The sum of an infinite G.P. is 4 and the sum of their cubes is 192. Find the first term :

To solve the problem, we need to find the first term \( a \) of an infinite geometric progression (G.P.) given that the sum of the G.P. is 4 and the sum of their cubes is 192. ### Step 1: Use the formula for the sum of an infinite G.P. The formula for the sum \( S \) of an infinite G.P. is given by: \[ S = \frac{a}{1 - r} \] where \( a \) is the first term and \( r \) is the common ratio. According to the problem, we have: \[ \frac{a}{1 - r} = 4 \quad \text{(1)} \] ### Step 2: Use the formula for the sum of the cubes of the terms of the G.P. The sum of the cubes of the terms of the G.P. can also be expressed as: \[ S_{\text{cubes}} = \frac{a^3}{1 - r^3} \] According to the problem, this sum is 192: \[ \frac{a^3}{1 - r^3} = 192 \quad \text{(2)} \] ### Step 3: Solve equation (1) for \( a \) From equation (1), we can express \( a \) in terms of \( r \): \[ a = 4(1 - r) \quad \text{(3)} \] ### Step 4: Substitute \( a \) into equation (2) Now, substitute equation (3) into equation (2): \[ \frac{(4(1 - r))^3}{1 - r^3} = 192 \] Calculating \( (4(1 - r))^3 \): \[ \frac{64(1 - r)^3}{1 - r^3} = 192 \] ### Step 5: Simplify the equation Now, simplify the equation: \[ 64(1 - r)^3 = 192(1 - r^3) \] Dividing both sides by 64: \[ (1 - r)^3 = 3(1 - r^3) \] ### Step 6: Expand and simplify Expanding \( (1 - r)^3 \): \[ 1 - 3r + 3r^2 - r^3 = 3(1 - r^3) \] Expanding the right side: \[ 1 - 3r + 3r^2 - r^3 = 3 - 3r^3 \] Rearranging gives: \[ 2r^3 + 3r^2 - 3r - 2 = 0 \quad \text{(4)} \] ### Step 7: Solve the cubic equation Now we can solve the cubic equation (4).

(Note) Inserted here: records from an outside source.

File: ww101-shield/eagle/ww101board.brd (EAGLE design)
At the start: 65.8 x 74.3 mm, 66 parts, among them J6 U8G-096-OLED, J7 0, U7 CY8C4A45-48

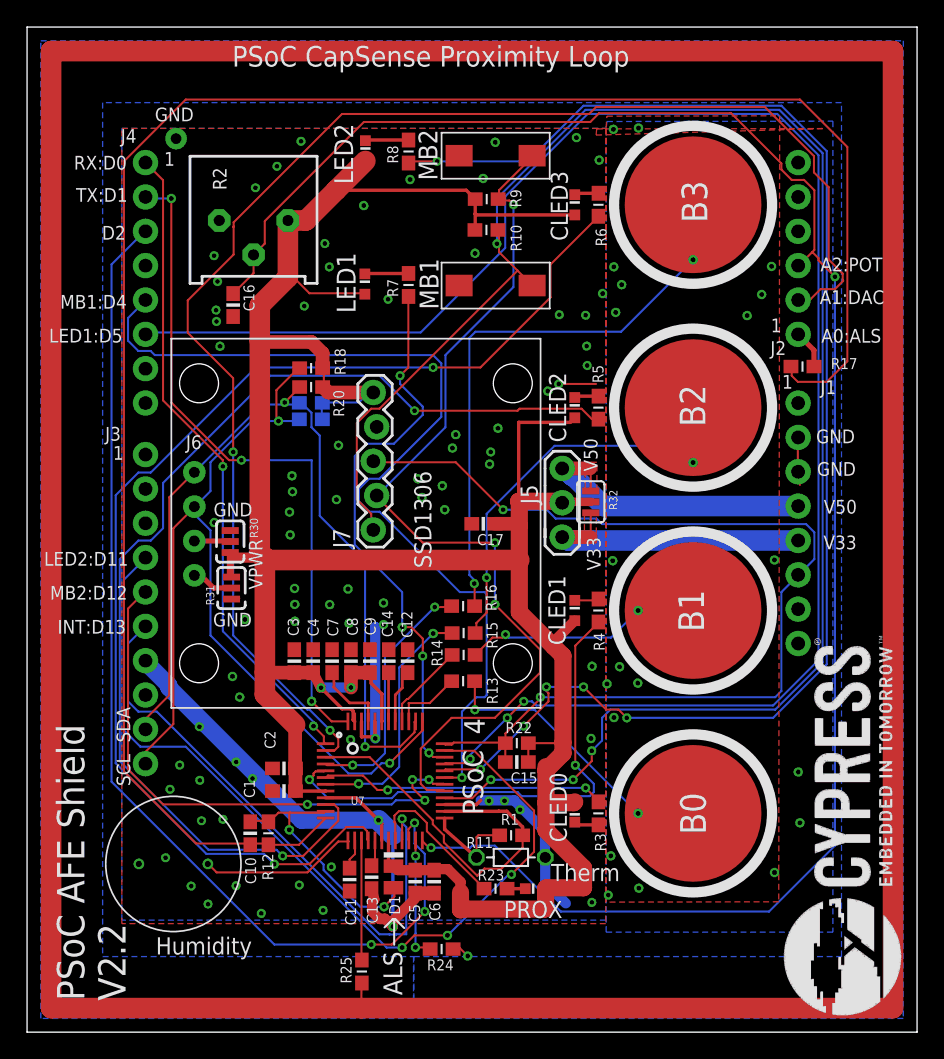
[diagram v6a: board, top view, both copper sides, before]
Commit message: Added R26/R27 Pulldowns on LED pins from arduino
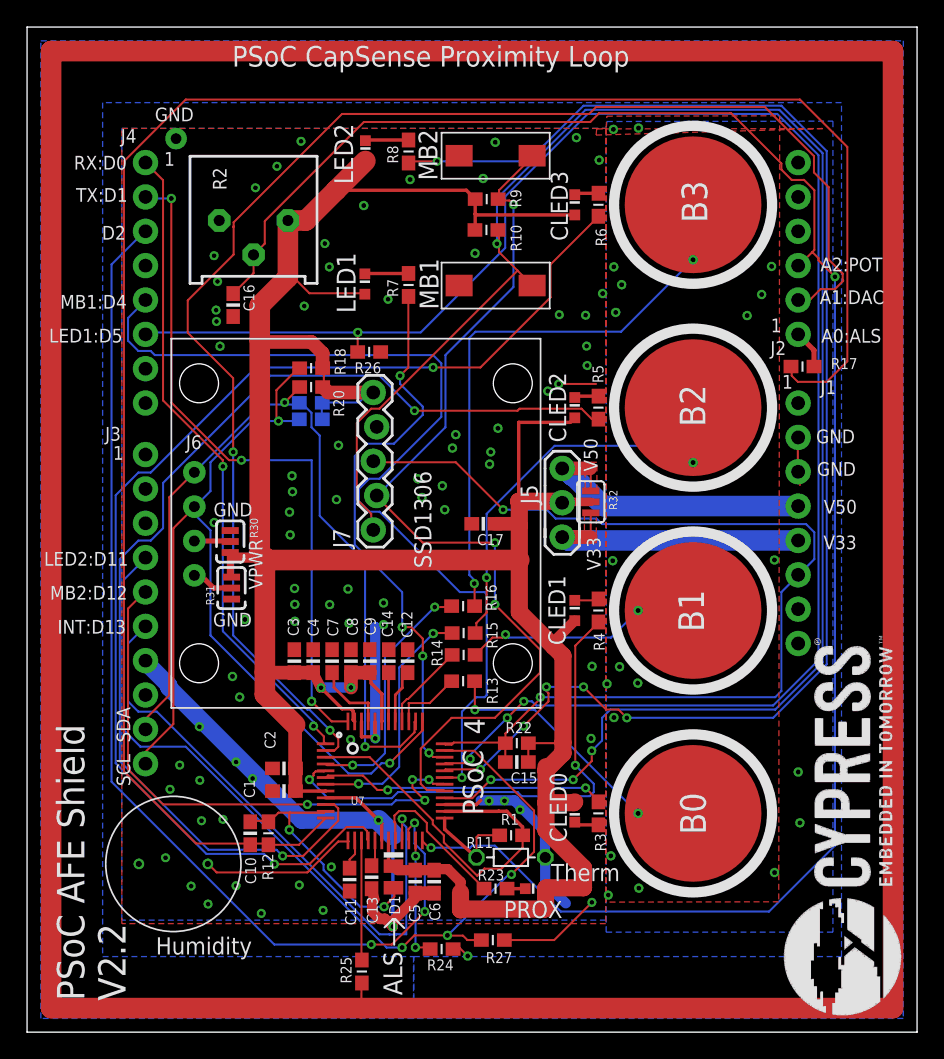
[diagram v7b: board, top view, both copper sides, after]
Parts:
- added R26, R27: 50K, ww101board:0603-RES
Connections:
- net D11: now also R27.2
- net D5: now also R26.2
- net GND: now also R26.1, R27.1
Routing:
- net GND: track 78.2 -> 85.8 mm
- net D11: track 64.8 -> 67.5 mm
- net D5: track 128.6 -> 130.1 mm, vias 3 -> 4
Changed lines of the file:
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@@
 <layer number="14" name="Route14" color="1" fill="6" visible="no" active="no"/>
 <layer number="15" name="Route15" color="4" fill="6" visible="no" active="no"/>
-<layer number="16" name="Bottom" color="1" fill="1" visible="no" active="yes"/>
+<layer number="16" name="Bottom" color="1" fill="1" visible="yes" active="yes"/>
 <layer number="17" name="Pads" color="2" fill="1" visible="yes" active="yes"/>
 <layer number="18" name="Vias" color="2" fill="1" visible="yes" active="yes"/>
@@
 <layer number="21" name="tPlace" color="7" fill="1" visible="yes" active="yes"/>
 <layer number="22" name="bPlace" color="7" fill="1" visible="no" active="yes"/>
-<layer number="23" name="tOrigins" color="15" fill="1" visible="no" active="yes"/>
+<layer number="23" name="tOrigins" color="15" fill="1" visible="yes" active="yes"/>
 <layer number="24" name="bOrigins" color="15" fill="1" visible="no" active="yes"/>
 <layer number="25" name="tNames" color="7" fill="1" visible="yes" active="yes"/>
@@
 </element>
 <element name="U$7" library="ww101board" package="CYLOGO-SILK" value="CYLOGO-SILK" x="58.399678125" y="-8.453115625" rot="R90"/>
+<element name="R26" library="ww101board" package="0603-RES" value="50K" x="19.05" y="40.6146" rot="R180"/>
+<element name="R27" library="ww101board" package="0603-RES" value="50K" x="28.194" y="-2.8702" smashed="yes" rot="R180">
+<attribute name="NAME" x="29.6418" y="-3.7592" size="0.8128" layer="25" font="vector" ratio="15" rot="R180"/>
+<attribute name="VALUE" x="29.718" y="-1.2192" size="0.6096" layer="27" font="vector" ratio="15" rot="R180"/>
+</element>
 </elements>
 <signals>
@@
 <via x="27.9120625" y="7.416803125" extent="1-16" drill="0.3302"/>
 <via x="35.514278125" y="-0.08381875" extent="1-16" drill="0.3302"/>
+<contactref element="R27" pad="1"/>
+<contactref element="R26" pad="1"/>
+<wire x1="29.044" y1="-2.8702" x2="32.727896875" y2="-2.8702" width="0.1524" layer="1"/>
+<wire x1="32.727896875" y1="-2.8702" x2="35.514278125" y2="-0.08381875" width="0.1524" layer="1"/>
 </signal>
 <signal name="XRES">
@@
 <wire x1="29.1084" y1="48.3108" x2="29.1084" y2="52.1208" width="0.1524" layer="16"/>
 <wire x1="22.86" y1="42.0624" x2="29.1084" y2="48.3108" width="0.1524" layer="16"/>
-<wire x1="2.5908" y1="42.0624" x2="22.86" y2="42.0624" width="0.1524" layer="16"/>
+<wire x1="2.5908" y1="42.0624" x2="18.2118" y2="42.0624" width="0.1524" layer="16"/>
+<wire x1="18.2118" y1="42.0624" x2="22.86" y2="42.0624" width="0.1524" layer="16"/>
 <wire x1="24.6888" y1="10.2108" x2="24.63" y2="10.15" width="0.1524" layer="1"/>
 <wire x1="2.5908" y1="42.0624" x2="2.51" y2="41.92" width="0.1524" layer="16"/>
@@
 <via x="29.2608" y="13.5636" extent="1-16" drill="0.3302"/>
 <via x="30.48" y="14.7828" extent="1-16" drill="0.3302"/>
+<contactref element="R26" pad="2"/>
+<wire x1="18.2" y1="40.6146" x2="18.2" y2="42.0506" width="0.1524" layer="1"/>
+<wire x1="18.2" y1="42.0506" x2="18.2118" y2="42.0624" width="0.1524" layer="1"/>
+<via x="18.2118" y="42.0624" extent="1-16" drill="0.35"/>
 </signal>
 <signal name="N$2">
@@
 <wire x1="21.485859375" y1="-3.42391875" x2="20.34031875" y2="-3.42391875" width="0.1524" layer="16"/>
 <wire x1="20.34031875" y1="-3.42391875" x2="5.4864" y2="11.43" width="0.1524" layer="16"/>
+<contactref element="R27" pad="2"/>
+<wire x1="27.344" y1="-2.8702" x2="26.3144" y2="-2.8702" width="0.1524" layer="1"/>
+<wire x1="26.3144" y1="-2.8702" x2="25.9842" y2="-2.54" width="0.1524" layer="1"/>
+<wire x1="25.9842" y1="-2.54" x2="24.8539" y2="-2.54" width="0.1524" layer="1"/>
+<wire x1="24.8539" y1="-2.54" x2="24.83611875" y2="-2.52221875" width="0.1524" layer="1"/>
 </signal>
 <signal name="D12">

We can try possible rational roots, such as \( r = 1 \): \[ 2(1)^3 + 3(1)^2 - 3(1) - 2 = 2 + 3 - 3 - 2 = 0 \] So, \( r = 1 \) is a root. We can factor the cubic equation as: \[ (r - 1)(2r^2 + 5r + 2) = 0 \] Now we solve \( 2r^2 + 5r + 2 = 0 \) using the quadratic formula: \[ r = \frac{-b \pm \sqrt{b^2 - 4ac}}{2a} = \frac{-5 \pm \sqrt{25 - 16}}{4} = \frac{-5 \pm 3}{4} \] This gives us: \[ r = -\frac{1}{2} \quad \text{or} \quad r = -2 \] Since the common ratio \( r \) must satisfy \( |r| < 1 \), we take \( r = -\frac{1}{2} \). ### Step 8: Find the first term \( a \) Now substitute \( r \) back into equation (3) to find \( a \): \[ a = 4(1 - (-\frac{1}{2})) = 4(1 + \frac{1}{2}) = 4 \times \frac{3}{2} = 6 \] ### Conclusion Thus, the first term \( a \) of the infinite G.P. is: \[ \boxed{6} \]